In some aspects, the techniques described herein relate to a feeder housing for a harvesting machine, the housing including: a drive shaft positioned at an entrance of the housing and having a plurality of drive sprockets; a plurality of conveyance devices wrapped around the drive shaft; a plurality of cross bars attached between the plurality of belts; and the plurality of drive sprockets have a plurality of teeth to engage and synchronize the plurality of conveyance devices.
In some aspects, the techniques described herein relate to a housing, the drive shaft transfers power to the plurality of conveyance devices by the drive sprockets.
In some aspects, the techniques described herein relate to a housing, the plurality of conveyance devices including elastomeric belts.
In some aspects, the techniques described herein relate to a housing, the plurality of conveyance devices including chains.
In some aspects, the techniques described herein relate to a housing, further including a second shaft positioned at an exit of the housing.
In some aspects, the techniques described herein relate to a housing, the second shaft having a plurality of second sprockets to engage the plurality of conveyance devices.

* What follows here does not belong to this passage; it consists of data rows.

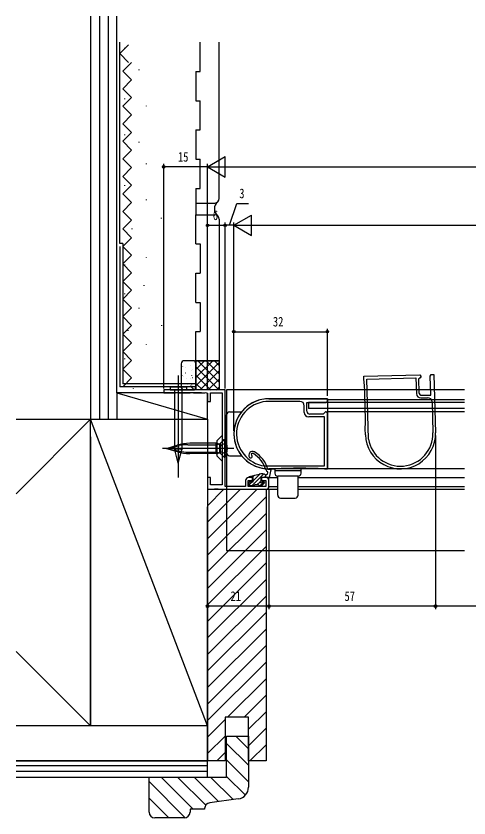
# Model space of a CAD drawing. Units: millimetres, scale not verified. Extents: x -495 to 495, y -800 to 801.
# Drawn here: x -64.8 to 90.2, y 120.9 to 395.4 of the extents above; entities that cross this region are included whole.
import ezdxf
from ezdxf.enums import TextEntityAlignment as Align

# ---------------------------------------------------------------- set-up
doc = ezdxf.new("R2010")
doc.units = ezdxf.units.MM
doc.header["$LTSCALE"] = 4
for name, color, linetype in [('0-2_YKK_11', 7, 'Continuous'), ('0-3_YKK_11E', 7, 'Continuous'), ('0-4_YKK_12', 2, 'Continuous'), ('0-5_YKK_13', 4, 'Continuous'), ('0-6_YKK_D', 6, 'Continuous'), ('0-8_YSS_K', 3, 'Continuous')]:
    doc.layers.add(name, color=color, linetype=linetype)
doc.styles.add('ＭＳ ゴシック', font='')
doc.styles.get('ＭＳ ゴシック').set_extended_font_data('MS Gothic')

msp = doc.modelspace()

# ---------------------------------------------------------------- linework, layer by layer
at = {"layer": '0-2_YKK_11'}
for p, q in [((41.729, 264.408), (21.729, 264.408)), ((32.329, 263.508), (21.729, 263.508)), ((33.829, 259.708), (33.829, 262.008)), ((9.729, 247.408), (0.979, 247.408)), ((20.229, 241.41), (20.256, 241.408)), ((20.256, 241.408), (40.729, 241.408)), ((21.729, 234.408), (21.729, 236.408))]:
    msp.add_line(p, q, dxfattribs=at)
for points in [[(6.729, 234.408), (6.729, 267.408), (-14.271, 267.408), (-14.271, 266.408), (-10.245, 266.408), (-9.999, 266.536), (-9.343, 266.536), (-9.096, 266.408), (-5.245, 266.408), (-4.999, 266.536), (-4.343, 266.536), (-4.096, 266.408), (-0.245, 266.408), (0.001, 266.536), (0.729, 266.308), (0.729, 263.408), (1.729, 263.408), (1.729, 266.408), (5.729, 266.408), (5.729, 234.908), (1.729, 234.908), (1.729, 237.408), (0.729, 237.408), (0.729, 233.408), (3.058, 233.408), (3.25, 233.551), (4.208, 233.551), (4.4, 233.408), (20.729, 233.408)], [(34.729, 260.108), (34.729, 263.108), (41.229, 263.108), (41.729, 263.408), (41.729, 264.408)], [(20.256, 241.408), (40.729, 241.408), (40.729, 258.208), (35.329, 258.208)], [(40.722, 240.408), (40.736, 240.408), (41.729, 240.408), (41.729, 259.608), (41.229, 259.908), (41.029, 259.908), (40.729, 259.608), (40.229, 259.108), (35.729, 259.108)], [(5.729, 242.994), (3.979, 244.744), (3.979, 250.072), (5.729, 251.822)], [(21.729, 240.408), (23.722, 240.408), (23.736, 240.408)], [(13.729, 236.408), (13.729, 234.408), (6.729, 234.408)], [(20.729, 237.408), (19.129, 237.408), (19.129, 236.408), (20.629, 236.408), (20.629, 234.408), (14.629, 234.408), (14.629, 236.408), (16.129, 236.408), (16.129, 237.408), (14.729, 237.408)]]:
    msp.add_lwpolyline(points, dxfattribs=at)
for centre, radius, start, end in [((21.729, 252.408), 12, 89.99999, 270.00001), ((21.729, 252.408), 11.1, 89.99999, 262.23294), ((32.329, 262.008), 1.5, 0.00001, 89.99999), ((35.329, 259.708), 1.5, 180.00001, 269.99999), ((35.729, 260.108), 1, 180.00001, 269.99999), ((32.229, 59.882), 180.726, 87.30647, 92.69353), ((14.729, 236.408), 1, 90.00001, 179.99999), ((20.729, 236.408), 1, 0.00001, 89.99999), ((20.729, 234.408), 1, 270.00001, 359.99999)]:
    msp.add_arc(centre, radius, start, end, dxfattribs=at)
at = {"layer": '0-3_YKK_11E'}
for p, q in [((78.202, 272.715), (78.725, 252.722)), ((55.772, 250.647), (55.236, 271.113)), ((73.71, 264.695), (76.009, 264.755)), ((77.548, 263.295), (77.825, 252.698)), ((55.774, 250.62), (55.772, 250.647))]:
    msp.add_line(p, q, dxfattribs=at)
for points in [[(54.236, 271.08), (54.236, 271.094), (54.21, 272.087), (73.403, 272.589), (73.716, 272.098), (73.721, 271.898), (73.429, 271.59), (72.943, 271.077), (73.06, 266.578)], [(74.086, 265.605), (77.085, 265.683), (76.915, 272.181), (77.202, 272.689), (78.202, 272.715)], [(55.772, 250.647), (55.236, 271.113), (72.03, 271.553), (72.171, 266.155)], [(54.733, 252.094), (54.681, 254.086), (54.681, 254.1)]]:
    msp.add_lwpolyline(points, dxfattribs=at)
for centre, radius, start, end in [((-126.005, 257.865), 180.726, 358.80646, 4.19352), ((74.06, 266.605), 1, 181.5, 271.49998), ((73.671, 266.194), 1.5, 181.5, 271.49998), ((76.048, 263.256), 1.5, 1.5, 91.49998), ((66.729, 252.408), 12, 181.49998, 1.5), ((66.729, 252.408), 11.1, 189.26705, 1.5)]:
    msp.add_arc(centre, radius, start, end, dxfattribs=at)
at = {"layer": '0-4_YKK_12'}
for p, q in [((7.229, 267.408), (7.229, 212.408)), ((88.661, 267.408), (7.229, 267.408)), ((41.729, 264.108), (41.729, 240.408)), ((41.729, 264.108), (88.661, 264.108)), ((88.661, 259.908), (41.729, 259.908)), ((88.661, 240.408), (41.729, 240.408)), ((21.729, 234.412), (21.729, 237.412)), ((21.729, 237.412), (24.729, 237.412)), ((31.729, 237.412), (88.661, 237.412)), ((7.229, 233.412), (24.729, 233.412)), ((31.729, 233.412), (88.661, 233.412)), ((7.229, 212.408), (88.661, 212.408))]:
    msp.add_line(p, q, dxfattribs=at)
at = {"layer": '0-5_YKK_13'}
for p, q in [((-9.271, 272.408), (-9.271, 237.408)), ((-6.451, 268.348), (-12.091, 268.348)), ((-12.091, 268.348), (-12.091, 267.408)), ((-12.091, 267.408), (-6.451, 267.408)), ((-10.471, 246.886), (-10.471, 267.408)), ((-8.071, 267.408), (-8.071, 246.886)), ((-6.451, 268.348), (-6.451, 267.408)), ((21.729, 264.408), (41.729, 264.408)), ((41.729, 264.408), (41.729, 240.408)), ((35.229, 263.108), (35.229, 261.108)), ((88.661, 263.108), (35.229, 263.108)), ((88.661, 261.108), (35.229, 261.108)), ((7.229, 245.908), (7.229, 258.908)), ((8.229, 259.908), (12.362, 259.908)), ((5.159, 249.189), (6.479, 250.508)), ((5.979, 250.508), (6.229, 250.508)), ((6.479, 250.508), (6.479, 244.308)), ((6.479, 250.508), (6.729, 250.508)), ((6.729, 244.308), (6.729, 250.508)), ((9.185, 247.408), (-14.734, 247.408)), ((-13.271, 247.408), (-9.691, 248.502)), ((-13.271, 247.408), (-8.727, 248.374)), ((-13.271, 247.408), (-9.691, 246.313)), ((-13.271, 247.408), (-8.727, 246.442)), ((-6.024, 248.658), (3.729, 248.658)), ((3.729, 249.158), (-5.306, 249.158)), ((3.729, 245.658), (3.729, 249.158)), ((4.387, 248.982), (3.729, 249.158)), ((3.729, 248.658), (4.929, 249.028)), ((5.44, 248.604), (4.804, 247.408)), ((5.44, 246.211), (4.804, 247.408)), ((4.929, 245.788), (4.929, 249.028)), ((5.129, 245.658), (5.129, 249.158)), ((5.44, 248.604), (7.225, 249.358)), ((-9.271, 242.408), (-10.471, 246.886)), ((-9.271, 247.044), (-9.271, 242.408)), ((-9.271, 242.408), (-8.071, 246.886)), ((-6.024, 246.158), (3.729, 246.158)), ((3.729, 245.658), (-5.306, 245.658)), ((4.929, 245.788), (3.729, 246.158)), ((3.729, 245.658), (4.387, 245.834)), ((5.159, 245.627), (6.479, 244.308)), ((5.44, 246.211), (7.225, 245.458)), ((6.479, 244.308), (6.729, 244.308)), ((8.229, 244.908), (12.362, 244.908)), ((15.673, 245.498), (15.753, 245.042)), ((41.729, 240.408), (21.729, 240.408)), ((23.729, 240.408), (23.729, 238.908)), ((32.729, 239.708), (23.729, 239.708)), ((14.911, 237.762), (18.364, 238.575)), ((14.935, 237.657), (15.08, 237.802)), ((15.927, 234.608), (19.979, 238.659)), ((16.033, 237.408), (16.842, 238.216)), ((16.329, 236.357), (18.596, 238.624)), ((19.51, 238.708), (19.671, 238.708)), ((20.074, 237.408), (20.752, 238.085)), ((20.599, 237.408), (20.779, 238.208)), ((31.729, 237.908), (24.729, 237.908)), ((24.729, 231.408), (24.729, 237.908)), ((31.729, 231.408), (31.729, 237.908)), ((14.929, 234.957), (15.98, 236.008)), ((17.574, 234.908), (18.679, 236.013)), ((18.623, 234.609), (19.981, 235.967)), ((21.729, 234.408), (24.729, 234.408)), ((31.729, 234.408), (88.661, 234.408)), ((25.729, 230.408), (30.729, 230.408))]:
    msp.add_line(p, q, dxfattribs=at)
for points in [[(21.321, 240.327), (21.869, 240.258), (22.422, 240.042), (21.829, 237.408), (18.929, 237.408), (18.929, 236.469), (18.793, 236.217)], [(20.417, 238.375), (21.277, 238.598), (21.4, 239.143), (21.223, 239.486)], [(32.729, 238.908), (32.729, 240.408), (23.729, 240.408)], [(19.139, 235.871), (19.39, 236.008), (20.005, 236.008), (20.166, 235.62), (19.154, 234.608), (18.649, 234.608), (18.389, 234.758), (18.129, 234.908), (16.929, 234.908), (16.669, 234.758), (16.41, 234.608), (14.929, 234.608), (14.929, 236.008), (16.329, 236.008), (16.329, 237.408), (14.953, 237.408), (14.911, 237.762)]]:
    msp.add_lwpolyline(points, dxfattribs=at)
for centre, radius, start, end in [((21.729, 252.408), 12, 90, 270), ((8.229, 258.908), 1, 90, 180), ((1.122, 247.408), 6.406, 331.05941, 28.94059), ((-9.736, 245.938), 1.2, 67.21414, 127.78586), ((-5.306, 234.158), 15, 90, 107), ((-8.806, 245.938), 1.2, 52.21414, 112.78586), ((-6.024, 235.658), 13, 90, 102), ((4.594, 249.754), 0.8, 255, 315), ((-5.306, 260.658), 15, 253, 270), ((-6.024, 259.158), 13, 258, 270), ((4.594, 245.061), 0.8, 45, 105), ((8.229, 245.908), 1, 180, 270), ((16.129, 245.108), 1.3, 59.34193, 218.68218), ((15.505, 244.608), 0.5, 218.68218, 60.29602), ((16.129, 245.108), 0.6, 59.34193, 139.4891), ((11.693, 237.624), 9.3, 15.6814, 59.34193), ((11.693, 237.624), 10, 15.6814, 59.34193), ((21.61, 240.408), 1, 195.68142, 247.25421), ((24.729, 238.908), 1, 180, 270), ((31.729, 238.908), 1, 270, 0), ((19.51, 233.708), 5, 89.99998, 103.24648), ((18.929, 236.008), 0.25, 123.05575, 326.94427), ((19.671, 237.708), 1, 41.81033, 89.99998), ((25.729, 231.408), 1, 180, 270), ((30.729, 231.408), 1, 270, 0)]:
    msp.add_arc(centre, radius, start, end, dxfattribs=at)
at = {"layer": '0-6_YKK_D'}
for p, q in [((0.729, 343.781), (6.791, 347.281)), ((6.791, 340.281), (6.791, 347.281)), ((-14.271, 267.908), (-14.271, 344.781)), ((0.729, 343.781), (-14.271, 343.781)), ((0.729, 267.308), (0.729, 344.781)), ((0.729, 267.308), (0.729, 344.781)), ((0.729, 343.781), (6.791, 340.281)), ((0.729, 343.781), (12.854, 343.781)), ((7.729, 343.781), (363.727, 343.781)), ((9.729, 323.781), (15.791, 327.281)), ((15.791, 320.281), (15.791, 327.281)), ((0.729, 267.308), (0.729, 324.781)), ((6.729, 268.108), (6.729, 324.781)), ((6.729, 267.908), (6.729, 324.781)), ((9.729, 253.408), (9.729, 324.781)), ((9.729, 253.408), (9.729, 324.781)), ((0.729, 323.781), (6.729, 323.781)), ((9.729, 323.781), (6.729, 323.781)), ((9.729, 323.781), (15.791, 320.281)), ((9.729, 323.781), (21.854, 323.781)), ((16.729, 323.781), (354.727, 323.781)), ((9.729, 253.408), (9.729, 288.357)), ((41.729, 265.408), (41.729, 288.357)), ((9.729, 287.357), (41.729, 287.357)), ((78.725, 251.822), (78.725, 192.408)), ((78.725, 251.822), (78.725, 192.408)), ((21.729, 233.408), (21.729, 192.408)), ((21.729, 233.408), (21.729, 192.408)), ((0.729, 232.708), (0.729, 192.408)), ((21.729, 193.408), (0.729, 193.408)), ((78.725, 193.408), (21.729, 193.408)), ((349.729, 193.408), (78.725, 193.408))]:
    msp.add_line(p, q, dxfattribs=at)
msp.add_lwpolyline([(8.229, 323.781), (10.767, 331.245), (14.767, 331.245)], dxfattribs=at)
for centre in [(-14.271, 343.781), (0.729, 323.781), (6.729, 323.781), (6.729, 323.781), (9.729, 287.357), (41.729, 287.357), (0.729, 193.408), (21.729, 193.408), (21.729, 193.408), (78.725, 193.408), (78.725, 193.408)]:
    msp.add_circle(centre, 0.425, dxfattribs=at)
at = {"layer": '0-8_YSS_K'}
for p, q in [((-39.271, 395.408), (-39.271, 257.408)), ((-36.271, 395.408), (-36.271, 257.408)), ((-33.271, 395.408), (-33.271, 257.408)), ((-30.271, 266.408), (-30.271, 395.408)), ((-27.562, 384.307), (-27.562, 384.507)), ((-1.771, 376.408), (-1.771, 386.408)), ((4.729, 332.908), (4.729, 386.408)), ((-22.617, 376.889), (-22.617, 377.089)), ((-3.271, 376.408), (-1.771, 376.408)), ((-27.562, 366.999), (-27.562, 367.199)), ((-1.771, 356.408), (-1.771, 366.408)), ((-20.144, 364.527), (-20.144, 364.727)), ((-27.562, 354.637), (-27.562, 354.837)), ((-3.271, 356.408), (-1.771, 356.408)), ((-22.617, 352.164), (-22.617, 352.364)), ((-1.771, 336.41), (-1.771, 346.41)), ((-1.771, 336.41), (-1.771, 346.41)), ((4.729, 332.908), (4.729, 347.408)), ((-20.144, 344.747), (-20.144, 344.947)), ((-27.562, 337.33), (-27.562, 337.53)), ((-3.271, 336.41), (-1.771, 336.41)), ((-3.271, 336.41), (-3.271, 331.408)), ((-3.271, 336.41), (-1.771, 336.41)), ((-3.271, 336.41), (-3.271, 331.408)), ((-20.144, 332.385), (-20.144, 332.585)), ((-3.271, 331.408), (3.229, 331.408)), ((-3.271, 331.408), (-3.271, 327.408)), ((-3.271, 331.408), (3.229, 331.408)), ((-3.271, 327.408), (3.229, 327.408)), ((-3.271, 317.406), (-3.271, 327.408)), ((-15.062, 326.104), (-15.062, 326.304)), ((4.729, 325.908), (4.729, 277.408)), ((-25.089, 322.495), (-25.089, 322.695)), ((-29.275, 316.535), (-29.275, 268.535)), ((-28.275, 317.535), (-28.275, 269.535)), ((-3.271, 317.406), (-1.771, 317.406)), ((-1.771, 317.406), (-1.771, 307.406)), ((-27.562, 310.132), (-27.562, 310.332)), ((-20.144, 312.605), (-20.144, 312.805)), ((-20.948, 303.109), (-20.948, 303.309)), ((-27.562, 300.242), (-27.562, 300.442)), ((-3.271, 297.408), (-1.771, 297.408)), ((-1.771, 297.408), (-1.771, 287.408)), ((-22.617, 295.297), (-22.617, 295.497)), ((-14.869, 289.364), (-14.869, 289.564)), ((-26.448, 287.671), (-26.448, 287.871)), ((-20.144, 282.935), (-20.144, 283.135)), ((-27.562, 277.99), (-27.562, 278.19)), ((-4.271, 277.408), (-7.271, 277.408)), ((-3.271, 277.408), (4.729, 277.408)), ((-3.271, 277.408), (-3.271, 267.408)), ((-3.271, 277.289), (-3.152, 277.408)), ((-3.271, 274.461), (-0.324, 277.408)), ((-3.271, 271.632), (2.505, 277.408)), ((4.729, 277.408), (-3.271, 277.408)), ((-2.546, 277.408), (4.729, 270.132)), ((0.282, 277.408), (4.729, 272.961)), ((3.111, 277.408), (4.729, 275.789)), ((4.729, 277.408), (4.729, 267.408)), ((-8.271, 276.408), (-8.271, 268.408)), ((-8.002, 275.468), (-8.003, 275.568)), ((-7.377, 275.523), (-7.35, 275.565)), ((-6.979, 274.951), (-6.977, 274.96)), ((-5.248, 275.849), (-5.221, 275.891)), ((-3.271, 268.804), (4.729, 276.804)), ((-3.271, 268.408), (-3.271, 276.408)), ((-3.271, 275.304), (4.625, 267.408)), ((-7.957, 272.243), (-7.958, 272.343)), ((-7.644, 272.118), (-7.641, 272.127)), ((-6.891, 273.291), (-6.864, 273.333)), ((-4.861, 273.907), (-4.834, 273.949)), ((-4.69, 272.291), (-4.692, 272.391)), ((-4.352, 274.424), (-4.35, 274.433)), ((-3.271, 272.475), (1.896, 267.309)), ((-1.838, 267.408), (4.729, 273.975)), ((-3.271, 269.535), (-28.275, 269.535)), ((-6.503, 271.349), (-6.476, 271.391)), ((-6.017, 269.118), (-5.99, 269.16)), ((-5.108, 271.201), (-5.106, 271.211)), ((-4.646, 269.066), (-4.647, 269.166)), ((-4.375, 271.676), (-4.348, 271.718)), ((-3.987, 269.734), (-3.96, 269.776)), ((-3.271, 269.647), (-1.032, 267.408)), ((0.99, 267.408), (4.729, 271.147)), ((-30.303, 266.335), (-30.303, 257.408)), ((-3.271, 268.535), (-29.275, 268.535)), ((-24.562, 267.876), (-24.562, 268.076)), ((-8.146, 268.791), (-8.119, 268.833)), ((-7.271, 267.408), (-4.271, 267.408)), ((-5.773, 268.368), (-5.77, 268.378)), ((-5.271, 268.819), (-3.86, 267.408)), ((0.697, 257.408), (0.697, 266.335)), ((3.785, 267.375), (4.729, 268.319)), ((-64.791, 257.408), (-39.271, 257.408)), ((-39.271, 257.408), (-64.791, 231.888)), ((-39.303, 257.408), (0.697, 257.408)), ((0.729, 152.408), (-39.271, 257.408)), ((-30.303, 257.408), (-1.303, 257.408)), ((-30.271, 257.408), (-1.271, 257.408)), ((0.729, 233.408), (20.729, 233.408)), ((17.668, 233.408), (0.729, 216.469)), ((12.011, 233.408), (0.729, 222.126)), ((6.355, 233.408), (0.729, 227.782)), ((20.729, 233.408), (20.729, 140.408)), ((20.729, 230.812), (0.729, 210.812)), ((0.729, 140.408), (0.729, 227.408)), ((20.729, 225.155), (0.729, 205.155)), ((20.729, 219.498), (0.729, 199.498)), ((20.729, 213.841), (0.729, 193.841)), ((20.729, 208.184), (0.729, 188.184)), ((20.729, 202.528), (0.729, 182.528)), ((20.729, 196.871), (0.729, 176.871)), ((20.729, 191.214), (0.729, 171.214)), ((20.729, 185.557), (0.729, 165.557)), ((20.729, 179.9), (0.729, 159.9)), ((-39.271, 152.408), (-64.791, 177.928)), ((20.729, 174.243), (0.729, 154.243)), ((20.729, 168.586), (7.551, 155.408)), ((20.729, 162.93), (13.207, 155.408)), ((20.729, 157.273), (14.729, 151.273)), ((6.729, 154.586), (0.729, 148.586)), ((6.729, 155.408), (6.729, 140.408)), ((14.729, 155.408), (6.729, 155.408)), ((14.729, 140.408), (14.729, 155.408)), ((0.729, 152.408), (0.729, 140.408)), ((20.729, 151.616), (14.729, 145.616)), ((6.729, 148.93), (0.729, 142.93)), ((7.229, 148.908), (14.729, 148.908)), ((7.229, 134.908), (7.229, 148.908)), ((10.415, 148.908), (14.729, 144.594)), ((14.729, 148.908), (14.729, 131.41)), ((7.229, 146.437), (14.729, 138.937)), ((20.729, 145.959), (15.178, 140.408)), ((6.729, 143.273), (3.864, 140.408)), ((-64.791, 140.408), (0.729, 140.408)), ((-64.791, 140.408), (0.729, 140.408)), ((0.729, 140.408), (-64.791, 140.408)), ((6.729, 140.408), (0.729, 140.408)), ((7.229, 140.78), (14.729, 133.28)), ((20.729, 140.408), (14.729, 140.408)), ((-64.791, 138.908), (0.729, 138.908)), ((-64.791, 136.908), (0.729, 136.908)), ((-19.271, 122.908), (-19.271, 134.908)), ((-19.271, 134.908), (7.229, 134.908)), ((-15.182, 134.908), (-4.182, 123.908)), ((-9.526, 134.908), (0.086, 125.297)), ((-3.869, 134.908), (4.496, 126.543)), ((1.788, 134.908), (9.487, 127.209)), ((7.229, 135.124), (13.662, 128.69)), ((-19.271, 133.339), (-6.878, 120.947)), ((-19.271, 127.682), (-12.496, 120.908)), ((11.258, 127.445), (1.465, 126.139)), ((-5.271, 123.908), (-5.271, 122.908)), ((-0.271, 123.908), (-5.271, 123.908)), ((-0.271, 124.157), (-0.271, 123.908)), ((-7.271, 120.908), (-17.271, 120.908))]:
    msp.add_line(p, q, dxfattribs=at)
for points in [[(-28.275, 317.535), (-29.275, 317.535), (-29.275, 386.408)], [(-26.275, 379.535), (-29.275, 382.535), (-26.275, 385.535)], [(-25.275, 349.535), (-28.275, 352.535), (-25.275, 355.535), (-28.275, 358.535), (-25.275, 361.535), (-28.275, 364.535), (-25.275, 367.535), (-28.275, 370.535), (-25.275, 373.535), (-28.275, 376.535), (-25.275, 379.535)], [(-3.271, 376.408), (-3.271, 366.408), (-1.771, 366.408)], [(-3.271, 356.408), (-3.271, 346.41), (-1.771, 346.41)], [(-28.275, 292.535), (-25.275, 295.535), (-28.275, 298.535), (-25.275, 301.535), (-28.275, 304.535), (-25.275, 307.535), (-28.275, 310.535), (-25.275, 313.535), (-28.275, 316.535), (-25.275, 319.535), (-28.275, 322.535), (-25.275, 325.535), (-28.275, 328.535), (-25.275, 331.535), (-28.275, 334.535), (-25.275, 337.535), (-28.275, 340.535), (-25.275, 343.535), (-28.275, 346.535), (-25.275, 349.535), (-28.275, 352.535)], [(-3.271, 347.408), (-3.271, 346.41), (-1.771, 346.41)], [(-3.271, 297.408), (-3.271, 307.406), (-1.771, 307.406)], [(-28.275, 268.535), (-25.275, 271.535), (-28.275, 274.535), (-25.275, 277.535), (-28.275, 280.535), (-25.275, 283.535), (-28.275, 286.535), (-25.275, 289.535), (-28.275, 292.535)], [(-3.271, 277.408), (-3.271, 287.408), (-1.771, 287.408)], [(-1.303, 266.408), (-30.303, 266.408), (0.697, 257.408)], [(-39.271, 251.408), (-39.271, 152.408), (-64.791, 152.408)], [(-64.791, 134.908), (0.729, 134.908), (0.729, 140.408)]]:
    msp.add_lwpolyline(points, dxfattribs=at)
msp.add_lwpolyline([(-39.271, 152.408), (-39.271, 257.408), (0.729, 257.408), (0.729, 152.408)], close=True, dxfattribs=at)
for centre, radius, start, end in [((3.229, 332.908), 1.5, 270, 0), ((3.229, 332.908), 1.5, 270, 0), ((6.058, 329.408), 3, 128.94244, 231.05756), ((3.229, 325.908), 1.5, 0, 90), ((-7.271, 276.408), 1, 90, 180), ((-4.271, 276.408), 1, 0, 90), ((-7.271, 268.408), 1, 180, 270), ((-4.271, 268.408), 1, 270, 0), ((10.729, 131.41), 4, 277.59464, 0.00001), ((1.729, 124.157), 2, 97.59463, 180), ((-17.271, 122.908), 2, 180.00001, 269.99999), ((-7.271, 122.908), 2, 270.00001, 359.99999)]:
    msp.add_arc(centre, radius, start, end, dxfattribs=at)

# ---------------------------------------------------------------- texts
at = {"layer": '0-6_YKK_D', "style": 'ＭＳ ゴシック', "width": 0.8}
for s, p in [('15', (-9.411, 344.581)), ('3', (11.567, 332.045)), ('6', (2.529, 324.581)), ('32', (23.089, 288.157)), ('21', (8.589, 194.208)), ('57', (47.587, 194.208))]:
    msp.add_text(s, height=3.299, dxfattribs=at).set_placement(p, align=Align.BOTTOM_LEFT)

doc.saveas('drawing.dxf')

In some aspects, the techniques described herein relate to a housing, the drive shaft having a hexagonal cross section.
In some aspects, the techniques described herein relate to a housing, the drive shaft having a circular cross section.
In some aspects, the techniques described herein relate to a housing, the crossbars each attach to at least two of the conveyance devices.
In some aspects, the techniques described herein relate to a housing, the shaft further including shielding to mitigate material wrapping around the shaft.
In some aspects, the techniques described herein relate to a housing, the crossbars having teeth to facilitate conveying material.
In some aspects, the techniques described herein relate to a housing, the teeth including cylinders to engage the conveyance devices.
In some aspects, the techniques described herein relate to a harvesting machine including: a feeder housing having a plurality of feeder conveyance devices at a first end to feed crop material into the harvesting machine and convey the crop material; a collecting tank; a draper belt to convey the crop material from the feeder to the collecting tank; and a plurality of sprockets to engage and synchronize the feeder conveyance devices.
In some aspects, the techniques described herein relate to a harvesting machine, further including a second plurality of sprockets to engage and synchronize the draper belt.
In some aspects, the techniques described herein relate to a harvesting machine, the feeder conveyance devices including a plurality of belts.
Although a few embodiments of the disclosure have been described in detail above, those of ordinary skill in the art will readily appreciate that many modifications are possible without materially departing from the teachings of this disclosure. Accordingly, such modifications are intended to be included within the scope of this disclosure as defined in the claims.